Certain systemic manifestations of SARDs can also increase risks and serve as relative or absolute contraindications. For example, a myositis patient with active muscle disease may be a poor candidate, as they are unlikely to recover well after surgery. Severe esophageal dysmotility, pulmonary hypertension or bone marrow involvement might be contraindications. Scleroderma renal crisis or other renal impairment can also increase risk, as might upper airway involvement from rheumatoid arthritis.3
Dr. Danoff also noted that some SARD-ILD patients have severe physical deconditioning related to their diseases, which can make recovery from the procedure more difficult.

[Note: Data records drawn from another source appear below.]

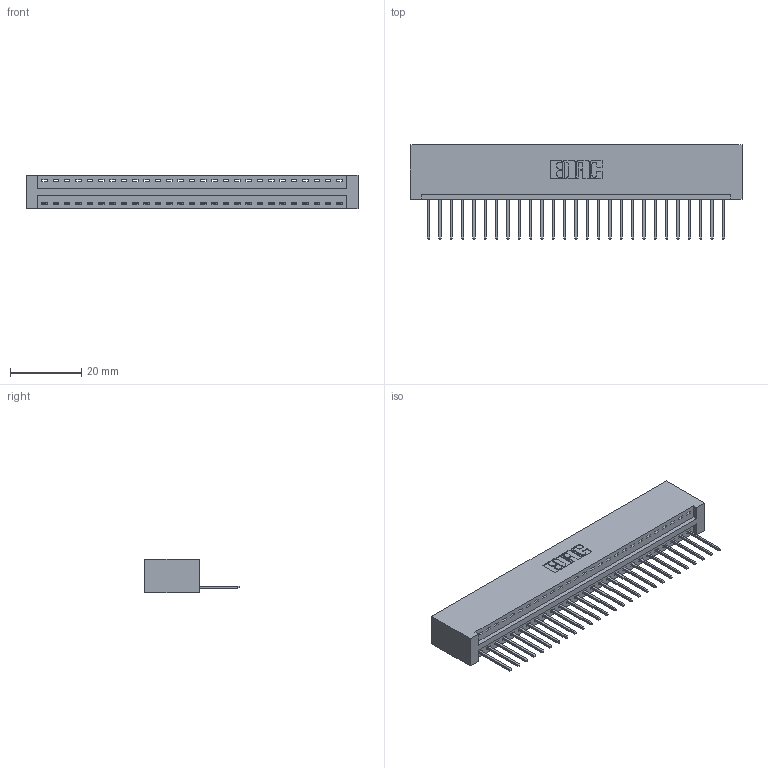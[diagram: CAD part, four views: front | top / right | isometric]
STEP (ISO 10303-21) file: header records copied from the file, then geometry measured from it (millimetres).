
FILE_DESCRIPTION (( 'STEP AP203' ), '1' );
FILE_NAME ('346-027-522-101.STEP', '2018-08-21T23:57:29', ( '' ), ( '' ), 'SwSTEP 2.0', 'SolidWorks 2016', '' );
FILE_SCHEMA (( 'CONFIG_CONTROL_DESIGN' ));
Length unit declared in the file: inch
Products named in the file (3): 346 Part_No Mounting Lugs; 345-292-001_345-293-122; 346-027-522-101
Assembly tree (28 placements, depth 2):
  346-027-522-101
    346 Part_No Mounting Lugs
    345-292-001_345-293-122  x27
Bounding box: 92.96 x 26.42 x 9.4 mm (x, y, z)
Volume: 9348.2 mm3; surface area: 11696.6 mm2
Topology: 28 solids, 28 shells, 1680 faces, 5057 edges, 3334 vertices
Faces by surface type: plane 1152, cylinder 528
Entity records: 18517 total; most frequent: CARTESIAN_POINT 3185, ORIENTED_EDGE 3146, DIRECTION 2823, EDGE_CURVE 1573, LINE 1341, VECTOR 1341, VERTEX_POINT 1046, AXIS2_PLACEMENT_3D 741
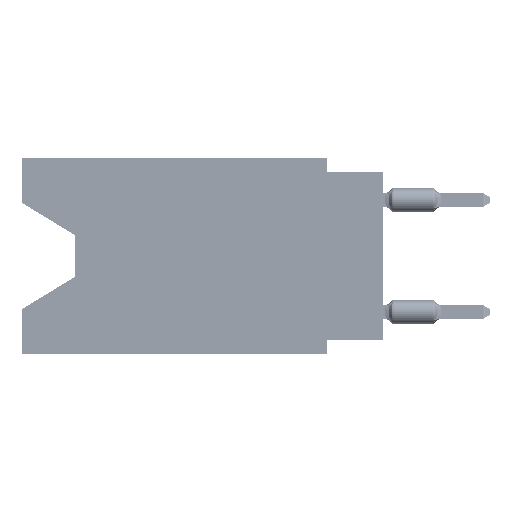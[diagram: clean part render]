
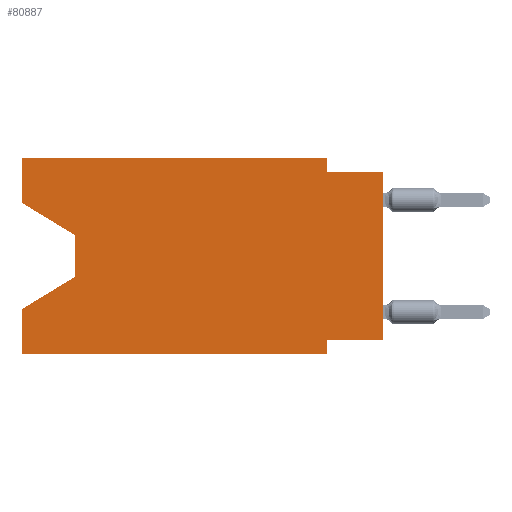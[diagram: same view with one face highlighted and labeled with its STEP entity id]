
A CAD part, left-side view. The second image highlights one B-rep face of the part: STEP entity #80887.
In plain terms, the highlighted planar face has unit normal (-1, 0, 0).
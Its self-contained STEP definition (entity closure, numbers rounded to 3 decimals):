
#1138 = DIRECTION ( 'NONE',  ( 0., 0., 1. ) ) ;
#2051 = EDGE_CURVE ( 'NONE', #63980, #39020, #2492, .T. ) ;
#2492 = LINE ( 'NONE', #43136, #52326 ) ;
#4107 = DIRECTION ( 'NONE',  ( 1., 0., 0. ) ) ;
#4838 = DIRECTION ( 'NONE',  ( 0., -1., 0. ) ) ;
#5659 = LINE ( 'NONE', #74295, #64550 ) ;
#7539 = CARTESIAN_POINT ( 'NONE',  ( 0., 2.54, 0. ) ) ;
#7869 = ORIENTED_EDGE ( 'NONE', *, *, #33553, .F. ) ;
#8837 = VECTOR ( 'NONE', #11470, 1000. ) ;
#9662 = VECTOR ( 'NONE', #4838, 1000. ) ;
#9858 = VERTEX_POINT ( 'NONE', #51801 ) ;
#10870 = ORIENTED_EDGE ( 'NONE', *, *, #85193, .F. ) ;
#10935 = CARTESIAN_POINT ( 'NONE',  ( 0., 0., -0.635 ) ) ;
#11338 = DIRECTION ( 'NONE',  ( 0., 0., -1. ) ) ;
#11470 = DIRECTION ( 'NONE',  ( 0., -1., 0. ) ) ;
#12669 = ORIENTED_EDGE ( 'NONE', *, *, #71217, .F. ) ;
#12835 = EDGE_LOOP ( 'NONE', ( #82772, #79091, #50980, #75473, #49147, #12669, #42165, #79279, #10870, #63655, #72410, #7869 ) ) ;
#14477 = EDGE_CURVE ( 'NONE', #34093, #24957, #66702, .T. ) ;
#14538 = LINE ( 'NONE', #42949, #47331 ) ;
#14632 = EDGE_CURVE ( 'NONE', #32159, #9858, #82942, .T. ) ;
#14710 = LINE ( 'NONE', #42225, #65891 ) ;
#17535 = VERTEX_POINT ( 'NONE', #85127 ) ;
#17713 = LINE ( 'NONE', #65563, #48210 ) ;
#17971 = EDGE_CURVE ( 'NONE', #30998, #32159, #40924, .T. ) ;
#19499 = CARTESIAN_POINT ( 'NONE',  ( 0., 2.54, -0.635 ) ) ;
#22852 = DIRECTION ( 'NONE',  ( 0., -1., 0. ) ) ;
#23601 = VECTOR ( 'NONE', #46797, 1000. ) ;
#24957 = VERTEX_POINT ( 'NONE', #7539 ) ;
#26331 = VECTOR ( 'NONE', #68728, 1000. ) ;
#30998 = VERTEX_POINT ( 'NONE', #82129 ) ;
#31256 = DIRECTION ( 'NONE',  ( 0., 1., 0. ) ) ;
#32159 = VERTEX_POINT ( 'NONE', #87575 ) ;
#32829 = CARTESIAN_POINT ( 'NONE',  ( 0., 16.383, -2.038 ) ) ;
#33211 = DIRECTION ( 'NONE',  ( 0., 0., 1. ) ) ;
#33553 = EDGE_CURVE ( 'NONE', #30998, #34093, #66940, .T. ) ;
#34093 = VERTEX_POINT ( 'NONE', #55910 ) ;
#37162 = LINE ( 'NONE', #43025, #80530 ) ;
#37234 = CARTESIAN_POINT ( 'NONE',  ( 0., 0., -0.635 ) ) ;
#38936 = VERTEX_POINT ( 'NONE', #10935 ) ;
#39020 = VERTEX_POINT ( 'NONE', #74559 ) ;
#40214 = VERTEX_POINT ( 'NONE', #19499 ) ;
#40924 = LINE ( 'NONE', #32829, #23601 ) ;
#42165 = ORIENTED_EDGE ( 'NONE', *, *, #88549, .F. ) ;
#42225 = CARTESIAN_POINT ( 'NONE',  ( 0., 0., 0. ) ) ;
#42949 = CARTESIAN_POINT ( 'NONE',  ( 0., 13.97, -5.385 ) ) ;
#43025 = CARTESIAN_POINT ( 'NONE',  ( 0., 2.54, -8.89 ) ) ;
#43136 = CARTESIAN_POINT ( 'NONE',  ( 0., 16.383, -8.89 ) ) ;
#46797 = DIRECTION ( 'NONE',  ( 0., -0.855, -0.519 ) ) ;
#47331 = VECTOR ( 'NONE', #70501, 1000. ) ;
#48210 = VECTOR ( 'NONE', #31256, 1000. ) ;
#49147 = ORIENTED_EDGE ( 'NONE', *, *, #2051, .T. ) ;
#50980 = ORIENTED_EDGE ( 'NONE', *, *, #52195, .T. ) ;
#51316 = EDGE_CURVE ( 'NONE', #63980, #17535, #5659, .T. ) ;
#51801 = CARTESIAN_POINT ( 'NONE',  ( 0., 13.97, -5.385 ) ) ;
#52195 = EDGE_CURVE ( 'NONE', #9858, #17535, #14538, .T. ) ;
#52263 = VECTOR ( 'NONE', #66312, 1000. ) ;
#52326 = VECTOR ( 'NONE', #22852, 1000. ) ;
#53095 = VERTEX_POINT ( 'NONE', #68516 ) ;
#54091 = CARTESIAN_POINT ( 'NONE',  ( 0., 16.383, -8.89 ) ) ;
#55910 = CARTESIAN_POINT ( 'NONE',  ( 0., 16.383, 0. ) ) ;
#56555 = CARTESIAN_POINT ( 'NONE',  ( 0., 0., -8.255 ) ) ;
#59524 = CARTESIAN_POINT ( 'NONE',  ( 0., 2.54, 0. ) ) ;
#61264 = DIRECTION ( 'NONE',  ( 0., 0., -1. ) ) ;
#62821 = EDGE_CURVE ( 'NONE', #24957, #40214, #86622, .T. ) ;
#63655 = ORIENTED_EDGE ( 'NONE', *, *, #62821, .F. ) ;
#63980 = VERTEX_POINT ( 'NONE', #54091 ) ;
#64550 = VECTOR ( 'NONE', #33211, 1000. ) ;
#64699 = DIRECTION ( 'NONE',  ( 0., 0., -1. ) ) ;
#65563 = CARTESIAN_POINT ( 'NONE',  ( 0., 0., -8.255 ) ) ;
#65891 = VECTOR ( 'NONE', #1138, 1000. ) ;
#65973 = CARTESIAN_POINT ( 'NONE',  ( 0., 16.383, 0. ) ) ;
#66258 = CARTESIAN_POINT ( 'NONE',  ( 0., 16.383, 0. ) ) ;
#66312 = DIRECTION ( 'NONE',  ( 0., 0., -1. ) ) ;
#66702 = LINE ( 'NONE', #66258, #9662 ) ;
#66940 = LINE ( 'NONE', #75035, #26331 ) ;
#67354 = VECTOR ( 'NONE', #61264, 1000. ) ;
#68516 = CARTESIAN_POINT ( 'NONE',  ( 0., 2.54, -8.255 ) ) ;
#68728 = DIRECTION ( 'NONE',  ( 0., 0., 1. ) ) ;
#69552 = EDGE_CURVE ( 'NONE', #88392, #38936, #14710, .T. ) ;
#70501 = DIRECTION ( 'NONE',  ( 0., 0.855, -0.519 ) ) ;
#71217 = EDGE_CURVE ( 'NONE', #53095, #39020, #37162, .T. ) ;
#72410 = ORIENTED_EDGE ( 'NONE', *, *, #14477, .F. ) ;
#73194 = PLANE ( 'NONE',  #74231 ) ;
#73329 = LINE ( 'NONE', #37234, #8837 ) ;
#74231 = AXIS2_PLACEMENT_3D ( 'NONE', #65973, #4107, #11338 ) ;
#74295 = CARTESIAN_POINT ( 'NONE',  ( 0., 16.383, 0. ) ) ;
#74559 = CARTESIAN_POINT ( 'NONE',  ( 0., 2.54, -8.89 ) ) ;
#75035 = CARTESIAN_POINT ( 'NONE',  ( 0., 16.383, 0. ) ) ;
#75256 = CARTESIAN_POINT ( 'NONE',  ( 0., 13.97, -3.505 ) ) ;
#75473 = ORIENTED_EDGE ( 'NONE', *, *, #51316, .F. ) ;
#78634 = FACE_OUTER_BOUND ( 'NONE', #12835, .T. ) ;
#79091 = ORIENTED_EDGE ( 'NONE', *, *, #14632, .T. ) ;
#79279 = ORIENTED_EDGE ( 'NONE', *, *, #69552, .T. ) ;
#80530 = VECTOR ( 'NONE', #64699, 1000. ) ;
#80887 = ADVANCED_FACE ( 'NONE', ( #78634 ), #73194, .F. ) ;
#82129 = CARTESIAN_POINT ( 'NONE',  ( 0., 16.383, -2.038 ) ) ;
#82772 = ORIENTED_EDGE ( 'NONE', *, *, #17971, .T. ) ;
#82942 = LINE ( 'NONE', #75256, #67354 ) ;
#85127 = CARTESIAN_POINT ( 'NONE',  ( 0., 16.383, -6.852 ) ) ;
#85193 = EDGE_CURVE ( 'NONE', #40214, #38936, #73329, .T. ) ;
#86622 = LINE ( 'NONE', #59524, #52263 ) ;
#87575 = CARTESIAN_POINT ( 'NONE',  ( 0., 13.97, -3.505 ) ) ;
#88392 = VERTEX_POINT ( 'NONE', #56555 ) ;
#88549 = EDGE_CURVE ( 'NONE', #88392, #53095, #17713, .T. ) ;

SARD-ILD patients who are lung transplant candidates also need their underlying SARD under good medical control prior to transplant.
Referral Timing
Generally, patient referral for potential lung transplant should begin before the patient is in urgent need, before they meet criteria for active placement on the transplant list. This may allow time to address certain modifiable risk factors, such as obesity, malnutrition or medical comorbidities.4
Dr. Danoff noted some of the factors that indicate a patient may be ready for lung transplant referral, for example, lung imaging patterns suggestive of fibrosis. These tend to be patients with a usual interstitial pneumonia or nonspecific interstitial pneumonia pattern of ILD. Another factor is a forced vital capacity (FVC) of <40% predicted.5
“In addition to declines in lung function, the other thing that I think is a really important marker is when patients suddenly require oxygen for the first time; that’s telling us that they really have come to a point where they’ve changed their trajectory,” said Dr. Danoff.
Officially adding the patient to the transplant list usually happens a little later, not immediately after transplant referral. Markers that a patient is moving toward needing a transplantation include a ≥10% decline in FVC or a ≥15% decline in diffusing capacity of the lungs for carbon monoxide over a six-month period. Other signs are dropping oxygen saturation percentages and repeated hospitalizations.5
Dr. Danoff recommended taking steps to help patients prepare for transplant when it becomes necessary. At the same time, she suggested working to optimize therapy for ILD to delay the need for lung transplantation for as long as possible. “Every year therapies become better for connective tissue disease (CTD)-ILD, and lung transplant gets better,” she added.
Outcomes
Transplants can fail due to initial primary graft dysfunction, acute rejection or chronic loss of the allograft, leading to lung deterioration and, ultimately, patient death. Dr. Danoff shared unpublished data from Johns Hopkins showing that patients with SARD-ILD seem to have a higher risk of developing primary graft dysfunction compared with patients with idiopathic pulmonary fibrosis, the standard comparator non-SARD-ILD; SARD-ILD patients also may have higher rates of vascular complications.